WHAT TO PRODUCE = Output the entries below word for word, stopping once the line containing "#9=PRODUCT_DEFINITION_SHAPE('','',#8);" is done, and omit each picture.
[[ DATA SUPPLIED open ]]
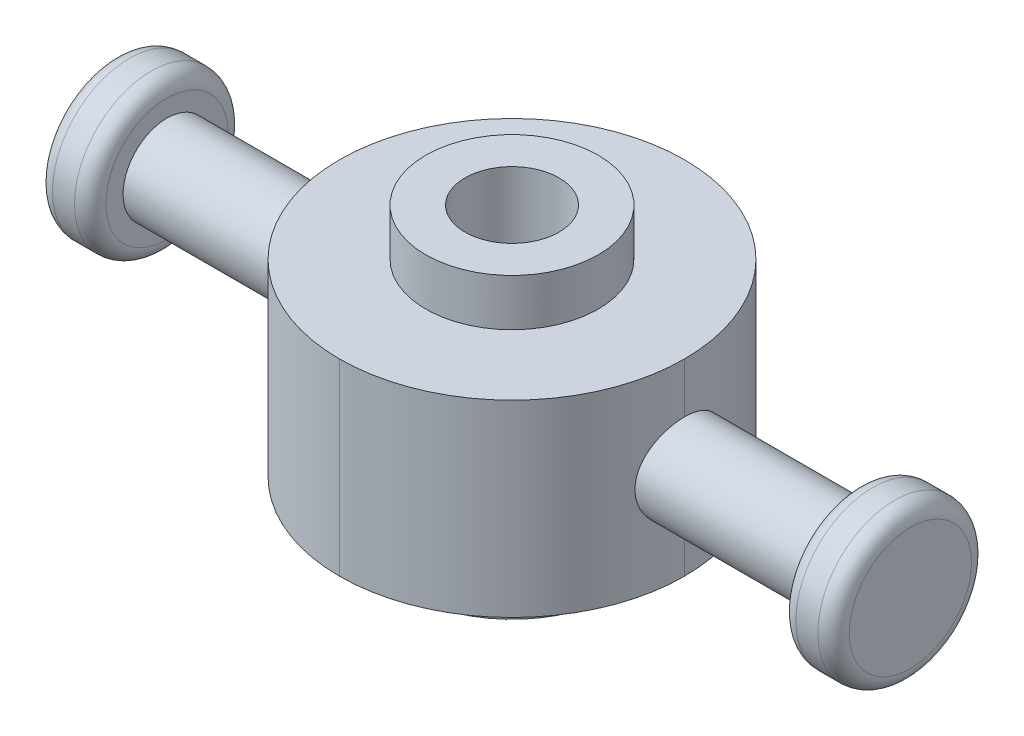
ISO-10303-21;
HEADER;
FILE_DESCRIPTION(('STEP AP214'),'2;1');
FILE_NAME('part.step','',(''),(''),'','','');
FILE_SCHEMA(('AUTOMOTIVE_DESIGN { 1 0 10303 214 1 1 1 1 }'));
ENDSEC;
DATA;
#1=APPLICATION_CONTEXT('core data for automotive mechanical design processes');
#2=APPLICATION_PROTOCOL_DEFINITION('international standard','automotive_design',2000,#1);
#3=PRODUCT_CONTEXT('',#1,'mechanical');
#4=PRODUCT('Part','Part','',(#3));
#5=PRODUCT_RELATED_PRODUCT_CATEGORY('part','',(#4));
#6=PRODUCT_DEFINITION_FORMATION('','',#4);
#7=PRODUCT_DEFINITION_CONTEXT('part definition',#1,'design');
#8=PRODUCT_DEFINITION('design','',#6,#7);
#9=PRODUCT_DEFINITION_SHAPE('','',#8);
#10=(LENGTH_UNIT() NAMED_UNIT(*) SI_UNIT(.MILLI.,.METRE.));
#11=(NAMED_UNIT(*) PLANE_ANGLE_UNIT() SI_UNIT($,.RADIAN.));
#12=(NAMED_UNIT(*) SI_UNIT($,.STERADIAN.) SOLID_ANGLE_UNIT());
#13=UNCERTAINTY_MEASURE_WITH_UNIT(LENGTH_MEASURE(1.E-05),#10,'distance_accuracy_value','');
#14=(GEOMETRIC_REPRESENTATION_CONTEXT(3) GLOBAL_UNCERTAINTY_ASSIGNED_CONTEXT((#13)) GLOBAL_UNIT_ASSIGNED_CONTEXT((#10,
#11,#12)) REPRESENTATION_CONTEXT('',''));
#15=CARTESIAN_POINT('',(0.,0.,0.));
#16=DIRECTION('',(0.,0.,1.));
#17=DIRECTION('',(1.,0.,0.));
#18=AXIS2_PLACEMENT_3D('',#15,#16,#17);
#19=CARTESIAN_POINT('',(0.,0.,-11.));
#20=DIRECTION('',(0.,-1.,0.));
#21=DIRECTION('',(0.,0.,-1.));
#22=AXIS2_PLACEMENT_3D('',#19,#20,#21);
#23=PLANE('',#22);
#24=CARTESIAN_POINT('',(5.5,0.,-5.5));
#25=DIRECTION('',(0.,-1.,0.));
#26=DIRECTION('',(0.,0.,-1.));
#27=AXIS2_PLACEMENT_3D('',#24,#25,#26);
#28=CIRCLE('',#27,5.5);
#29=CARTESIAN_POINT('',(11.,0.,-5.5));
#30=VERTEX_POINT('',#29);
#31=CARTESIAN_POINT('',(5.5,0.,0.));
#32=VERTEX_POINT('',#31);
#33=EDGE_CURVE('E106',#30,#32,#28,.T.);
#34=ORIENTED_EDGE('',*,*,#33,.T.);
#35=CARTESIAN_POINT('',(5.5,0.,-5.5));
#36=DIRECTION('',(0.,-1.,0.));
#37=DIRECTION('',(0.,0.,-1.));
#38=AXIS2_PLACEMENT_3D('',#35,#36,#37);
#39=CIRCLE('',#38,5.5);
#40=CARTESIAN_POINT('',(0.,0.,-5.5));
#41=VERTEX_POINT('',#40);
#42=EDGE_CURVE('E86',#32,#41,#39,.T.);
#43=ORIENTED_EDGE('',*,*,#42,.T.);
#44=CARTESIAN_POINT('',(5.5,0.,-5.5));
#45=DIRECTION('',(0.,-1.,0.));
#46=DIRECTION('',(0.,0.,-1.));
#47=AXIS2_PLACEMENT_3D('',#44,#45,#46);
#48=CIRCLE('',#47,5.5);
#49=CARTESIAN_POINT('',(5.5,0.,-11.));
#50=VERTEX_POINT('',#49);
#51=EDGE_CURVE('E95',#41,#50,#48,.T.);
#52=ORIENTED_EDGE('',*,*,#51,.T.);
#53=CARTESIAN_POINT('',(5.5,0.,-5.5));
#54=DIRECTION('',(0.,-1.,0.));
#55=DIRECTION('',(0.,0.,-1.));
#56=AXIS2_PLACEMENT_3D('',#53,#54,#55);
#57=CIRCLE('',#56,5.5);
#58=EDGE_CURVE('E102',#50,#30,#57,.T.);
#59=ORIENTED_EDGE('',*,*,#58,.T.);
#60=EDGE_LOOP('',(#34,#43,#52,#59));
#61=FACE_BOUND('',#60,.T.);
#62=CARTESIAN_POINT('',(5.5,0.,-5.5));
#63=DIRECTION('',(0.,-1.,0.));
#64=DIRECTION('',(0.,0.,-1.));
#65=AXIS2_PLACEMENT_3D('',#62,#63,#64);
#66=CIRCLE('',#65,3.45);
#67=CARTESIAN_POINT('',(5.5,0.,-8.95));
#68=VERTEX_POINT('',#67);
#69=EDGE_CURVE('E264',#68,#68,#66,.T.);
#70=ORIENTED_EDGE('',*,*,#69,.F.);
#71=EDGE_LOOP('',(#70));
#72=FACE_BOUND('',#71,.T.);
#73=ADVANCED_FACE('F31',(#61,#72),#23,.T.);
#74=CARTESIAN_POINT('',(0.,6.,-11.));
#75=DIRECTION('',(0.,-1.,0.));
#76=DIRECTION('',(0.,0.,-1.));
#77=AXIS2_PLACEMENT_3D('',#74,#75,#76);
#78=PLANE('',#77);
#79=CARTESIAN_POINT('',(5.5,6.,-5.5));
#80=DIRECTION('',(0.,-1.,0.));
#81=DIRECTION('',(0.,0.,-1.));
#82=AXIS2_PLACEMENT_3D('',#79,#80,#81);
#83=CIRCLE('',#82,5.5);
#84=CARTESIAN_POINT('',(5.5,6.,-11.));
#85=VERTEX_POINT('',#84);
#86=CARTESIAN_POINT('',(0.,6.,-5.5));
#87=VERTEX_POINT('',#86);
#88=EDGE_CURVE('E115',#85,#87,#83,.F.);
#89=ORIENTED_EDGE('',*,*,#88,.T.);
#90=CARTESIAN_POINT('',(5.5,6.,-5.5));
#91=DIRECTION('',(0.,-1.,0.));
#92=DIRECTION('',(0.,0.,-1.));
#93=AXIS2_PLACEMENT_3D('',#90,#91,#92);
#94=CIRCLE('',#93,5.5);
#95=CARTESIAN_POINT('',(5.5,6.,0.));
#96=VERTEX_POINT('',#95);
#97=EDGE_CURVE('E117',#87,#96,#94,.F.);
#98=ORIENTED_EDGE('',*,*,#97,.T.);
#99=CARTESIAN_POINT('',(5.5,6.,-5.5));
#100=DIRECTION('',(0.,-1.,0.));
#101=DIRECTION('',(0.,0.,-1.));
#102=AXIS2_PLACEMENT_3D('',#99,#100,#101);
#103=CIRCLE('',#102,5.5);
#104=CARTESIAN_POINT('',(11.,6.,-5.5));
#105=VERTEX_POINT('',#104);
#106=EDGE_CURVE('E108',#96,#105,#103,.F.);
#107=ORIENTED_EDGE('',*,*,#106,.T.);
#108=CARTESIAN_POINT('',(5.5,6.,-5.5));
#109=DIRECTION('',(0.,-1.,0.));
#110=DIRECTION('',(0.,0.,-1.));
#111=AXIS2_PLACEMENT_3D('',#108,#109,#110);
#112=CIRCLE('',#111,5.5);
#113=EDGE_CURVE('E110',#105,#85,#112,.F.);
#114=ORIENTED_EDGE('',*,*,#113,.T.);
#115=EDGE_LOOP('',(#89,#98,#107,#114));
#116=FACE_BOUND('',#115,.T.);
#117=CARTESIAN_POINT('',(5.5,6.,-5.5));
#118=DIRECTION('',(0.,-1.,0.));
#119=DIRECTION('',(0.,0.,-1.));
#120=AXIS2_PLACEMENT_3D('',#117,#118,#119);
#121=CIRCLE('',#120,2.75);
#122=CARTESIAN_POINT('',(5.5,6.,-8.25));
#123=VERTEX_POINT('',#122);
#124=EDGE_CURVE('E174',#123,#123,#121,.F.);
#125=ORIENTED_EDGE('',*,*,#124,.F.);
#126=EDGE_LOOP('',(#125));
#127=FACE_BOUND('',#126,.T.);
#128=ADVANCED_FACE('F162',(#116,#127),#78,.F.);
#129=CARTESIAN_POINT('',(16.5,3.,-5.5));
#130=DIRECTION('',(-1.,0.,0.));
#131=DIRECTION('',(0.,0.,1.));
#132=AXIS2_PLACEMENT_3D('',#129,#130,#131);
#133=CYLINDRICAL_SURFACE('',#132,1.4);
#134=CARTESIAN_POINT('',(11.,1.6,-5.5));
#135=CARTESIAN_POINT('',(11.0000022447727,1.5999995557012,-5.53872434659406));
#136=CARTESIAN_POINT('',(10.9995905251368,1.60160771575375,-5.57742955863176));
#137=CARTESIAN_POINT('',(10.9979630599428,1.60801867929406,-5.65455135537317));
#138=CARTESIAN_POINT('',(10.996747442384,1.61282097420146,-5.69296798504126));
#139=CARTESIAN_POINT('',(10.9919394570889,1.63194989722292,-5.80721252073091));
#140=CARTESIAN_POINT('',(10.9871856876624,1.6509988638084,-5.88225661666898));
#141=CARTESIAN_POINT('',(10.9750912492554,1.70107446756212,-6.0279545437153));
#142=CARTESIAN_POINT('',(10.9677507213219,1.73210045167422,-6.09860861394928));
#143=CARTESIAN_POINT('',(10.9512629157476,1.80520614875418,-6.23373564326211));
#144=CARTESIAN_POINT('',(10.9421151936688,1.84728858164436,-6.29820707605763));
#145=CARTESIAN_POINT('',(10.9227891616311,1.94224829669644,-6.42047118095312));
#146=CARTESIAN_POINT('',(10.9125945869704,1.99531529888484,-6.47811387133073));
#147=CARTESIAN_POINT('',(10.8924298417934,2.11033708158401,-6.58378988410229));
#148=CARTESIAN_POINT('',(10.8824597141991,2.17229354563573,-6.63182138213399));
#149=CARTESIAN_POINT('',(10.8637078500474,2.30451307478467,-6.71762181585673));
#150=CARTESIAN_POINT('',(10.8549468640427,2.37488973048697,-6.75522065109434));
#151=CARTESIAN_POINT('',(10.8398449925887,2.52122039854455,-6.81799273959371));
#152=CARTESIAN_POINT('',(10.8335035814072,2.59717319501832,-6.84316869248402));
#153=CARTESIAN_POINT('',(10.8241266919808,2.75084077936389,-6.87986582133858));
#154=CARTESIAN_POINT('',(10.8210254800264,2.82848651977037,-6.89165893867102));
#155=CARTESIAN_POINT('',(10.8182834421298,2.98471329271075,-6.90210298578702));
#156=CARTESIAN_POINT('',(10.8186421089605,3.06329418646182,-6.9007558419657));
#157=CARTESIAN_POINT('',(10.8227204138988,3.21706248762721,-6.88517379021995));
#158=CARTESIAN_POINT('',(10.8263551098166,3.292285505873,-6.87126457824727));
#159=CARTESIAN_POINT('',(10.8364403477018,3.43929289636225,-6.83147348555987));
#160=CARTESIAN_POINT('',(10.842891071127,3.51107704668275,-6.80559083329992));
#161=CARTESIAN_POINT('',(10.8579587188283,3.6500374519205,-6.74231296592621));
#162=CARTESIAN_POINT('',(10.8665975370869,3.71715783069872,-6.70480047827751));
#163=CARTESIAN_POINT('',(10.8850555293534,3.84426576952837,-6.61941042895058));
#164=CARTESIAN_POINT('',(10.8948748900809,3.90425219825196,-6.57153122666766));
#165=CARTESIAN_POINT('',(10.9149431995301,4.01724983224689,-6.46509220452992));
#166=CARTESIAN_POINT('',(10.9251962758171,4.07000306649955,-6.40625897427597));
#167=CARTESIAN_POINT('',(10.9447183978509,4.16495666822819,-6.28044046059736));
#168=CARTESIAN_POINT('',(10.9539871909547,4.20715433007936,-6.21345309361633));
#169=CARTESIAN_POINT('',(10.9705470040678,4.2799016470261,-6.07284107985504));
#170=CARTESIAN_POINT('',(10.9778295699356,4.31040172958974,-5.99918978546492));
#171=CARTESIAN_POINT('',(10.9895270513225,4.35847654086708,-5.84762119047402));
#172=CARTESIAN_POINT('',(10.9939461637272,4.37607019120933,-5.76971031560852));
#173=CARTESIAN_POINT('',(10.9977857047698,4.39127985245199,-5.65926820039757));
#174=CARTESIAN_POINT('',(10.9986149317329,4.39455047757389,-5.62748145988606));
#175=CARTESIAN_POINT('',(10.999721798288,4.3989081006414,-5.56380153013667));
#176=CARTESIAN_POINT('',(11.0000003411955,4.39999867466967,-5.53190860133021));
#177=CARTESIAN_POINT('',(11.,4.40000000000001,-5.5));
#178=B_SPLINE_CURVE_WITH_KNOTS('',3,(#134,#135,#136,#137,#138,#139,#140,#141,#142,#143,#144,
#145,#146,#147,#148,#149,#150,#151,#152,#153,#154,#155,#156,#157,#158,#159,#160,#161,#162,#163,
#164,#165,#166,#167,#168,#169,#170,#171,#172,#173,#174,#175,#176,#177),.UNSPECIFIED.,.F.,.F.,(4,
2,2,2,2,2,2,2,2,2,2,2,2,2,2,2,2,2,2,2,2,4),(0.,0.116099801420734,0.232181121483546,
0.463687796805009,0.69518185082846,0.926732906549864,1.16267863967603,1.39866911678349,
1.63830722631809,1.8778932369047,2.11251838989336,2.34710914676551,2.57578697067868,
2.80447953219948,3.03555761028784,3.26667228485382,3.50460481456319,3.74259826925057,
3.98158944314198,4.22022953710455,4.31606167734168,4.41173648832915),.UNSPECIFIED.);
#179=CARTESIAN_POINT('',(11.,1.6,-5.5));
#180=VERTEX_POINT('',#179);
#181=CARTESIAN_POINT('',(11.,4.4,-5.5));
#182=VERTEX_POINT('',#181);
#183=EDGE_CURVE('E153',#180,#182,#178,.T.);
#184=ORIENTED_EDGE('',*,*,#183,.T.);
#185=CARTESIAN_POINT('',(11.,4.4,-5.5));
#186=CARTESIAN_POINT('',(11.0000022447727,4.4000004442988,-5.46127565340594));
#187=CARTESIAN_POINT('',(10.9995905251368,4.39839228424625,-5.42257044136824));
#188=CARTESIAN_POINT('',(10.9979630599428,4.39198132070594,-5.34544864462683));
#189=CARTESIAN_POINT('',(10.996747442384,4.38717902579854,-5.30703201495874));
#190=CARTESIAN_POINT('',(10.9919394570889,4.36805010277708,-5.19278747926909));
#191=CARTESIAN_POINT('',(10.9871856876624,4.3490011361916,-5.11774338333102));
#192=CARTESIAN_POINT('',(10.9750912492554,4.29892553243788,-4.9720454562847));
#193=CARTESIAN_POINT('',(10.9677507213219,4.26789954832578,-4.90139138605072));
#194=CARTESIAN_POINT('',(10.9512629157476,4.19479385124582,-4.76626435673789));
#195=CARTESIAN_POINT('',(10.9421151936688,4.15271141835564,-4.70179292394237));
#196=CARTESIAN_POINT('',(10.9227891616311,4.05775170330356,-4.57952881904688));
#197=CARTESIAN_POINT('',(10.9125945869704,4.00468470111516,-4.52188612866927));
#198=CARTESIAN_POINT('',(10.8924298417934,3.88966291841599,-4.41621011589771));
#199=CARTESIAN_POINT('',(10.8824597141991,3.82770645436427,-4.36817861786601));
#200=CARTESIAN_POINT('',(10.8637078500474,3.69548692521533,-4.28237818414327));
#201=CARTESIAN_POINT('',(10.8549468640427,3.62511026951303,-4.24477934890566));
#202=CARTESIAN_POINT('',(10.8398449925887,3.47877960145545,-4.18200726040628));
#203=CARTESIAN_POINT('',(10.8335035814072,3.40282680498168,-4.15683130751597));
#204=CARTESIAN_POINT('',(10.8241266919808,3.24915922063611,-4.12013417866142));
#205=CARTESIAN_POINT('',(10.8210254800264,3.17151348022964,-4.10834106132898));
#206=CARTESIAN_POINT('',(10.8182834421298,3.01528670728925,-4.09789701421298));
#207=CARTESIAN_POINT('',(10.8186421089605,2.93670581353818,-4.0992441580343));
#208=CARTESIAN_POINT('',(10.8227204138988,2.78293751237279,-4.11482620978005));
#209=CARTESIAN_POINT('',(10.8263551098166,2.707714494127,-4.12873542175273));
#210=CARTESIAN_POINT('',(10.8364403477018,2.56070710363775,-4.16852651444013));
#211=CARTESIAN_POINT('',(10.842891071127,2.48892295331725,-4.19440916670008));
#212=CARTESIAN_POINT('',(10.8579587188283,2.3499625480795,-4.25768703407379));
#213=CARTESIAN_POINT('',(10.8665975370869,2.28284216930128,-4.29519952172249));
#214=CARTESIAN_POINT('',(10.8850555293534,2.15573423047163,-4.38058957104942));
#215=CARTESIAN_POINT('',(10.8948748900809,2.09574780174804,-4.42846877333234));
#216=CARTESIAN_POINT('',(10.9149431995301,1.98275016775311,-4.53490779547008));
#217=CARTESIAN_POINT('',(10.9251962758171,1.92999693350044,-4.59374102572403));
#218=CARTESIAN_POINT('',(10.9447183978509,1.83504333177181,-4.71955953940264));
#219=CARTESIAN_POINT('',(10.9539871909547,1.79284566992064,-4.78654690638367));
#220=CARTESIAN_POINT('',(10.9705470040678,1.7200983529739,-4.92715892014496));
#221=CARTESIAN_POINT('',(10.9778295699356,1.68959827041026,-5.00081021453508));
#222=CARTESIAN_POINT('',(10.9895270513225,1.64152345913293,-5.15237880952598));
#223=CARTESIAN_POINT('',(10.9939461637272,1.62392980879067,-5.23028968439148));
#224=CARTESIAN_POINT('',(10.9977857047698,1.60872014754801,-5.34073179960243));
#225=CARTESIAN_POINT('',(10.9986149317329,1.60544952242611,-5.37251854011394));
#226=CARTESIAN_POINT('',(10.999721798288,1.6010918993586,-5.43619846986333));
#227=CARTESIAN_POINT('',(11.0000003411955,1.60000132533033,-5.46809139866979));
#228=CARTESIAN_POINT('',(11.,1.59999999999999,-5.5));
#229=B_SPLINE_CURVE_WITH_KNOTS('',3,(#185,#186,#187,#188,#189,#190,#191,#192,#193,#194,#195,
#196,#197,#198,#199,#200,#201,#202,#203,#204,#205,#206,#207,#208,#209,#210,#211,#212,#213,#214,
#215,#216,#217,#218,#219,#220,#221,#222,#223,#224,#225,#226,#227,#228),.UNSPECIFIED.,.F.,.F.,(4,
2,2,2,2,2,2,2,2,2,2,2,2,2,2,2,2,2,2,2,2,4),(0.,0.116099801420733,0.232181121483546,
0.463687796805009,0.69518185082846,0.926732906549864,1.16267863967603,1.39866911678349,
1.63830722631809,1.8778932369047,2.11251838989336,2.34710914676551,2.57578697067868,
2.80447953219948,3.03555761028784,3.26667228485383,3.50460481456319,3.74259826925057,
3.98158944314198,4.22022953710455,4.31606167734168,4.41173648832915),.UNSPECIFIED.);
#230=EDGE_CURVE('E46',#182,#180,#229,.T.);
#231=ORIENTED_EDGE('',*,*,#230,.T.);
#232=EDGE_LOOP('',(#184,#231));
[[ DATA SUPPLIED closed ]]
OUTPUT BELOW =
ISO-10303-21;
HEADER;
FILE_DESCRIPTION(('STEP AP214'),'2;1');
FILE_NAME('part.step','',(''),(''),'','','');
FILE_SCHEMA(('AUTOMOTIVE_DESIGN { 1 0 10303 214 1 1 1 1 }'));
ENDSEC;
DATA;
#1=APPLICATION_CONTEXT('core data for automotive mechanical design processes');
#2=APPLICATION_PROTOCOL_DEFINITION('international standard','automotive_design',2000,#1);
#3=PRODUCT_CONTEXT('',#1,'mechanical');
#4=PRODUCT('Part','Part','',(#3));
#5=PRODUCT_RELATED_PRODUCT_CATEGORY('part','',(#4));
#6=PRODUCT_DEFINITION_FORMATION('','',#4);
#7=PRODUCT_DEFINITION_CONTEXT('part definition',#1,'design');
#8=PRODUCT_DEFINITION('design','',#6,#7);
#9=PRODUCT_DEFINITION_SHAPE('','',#8);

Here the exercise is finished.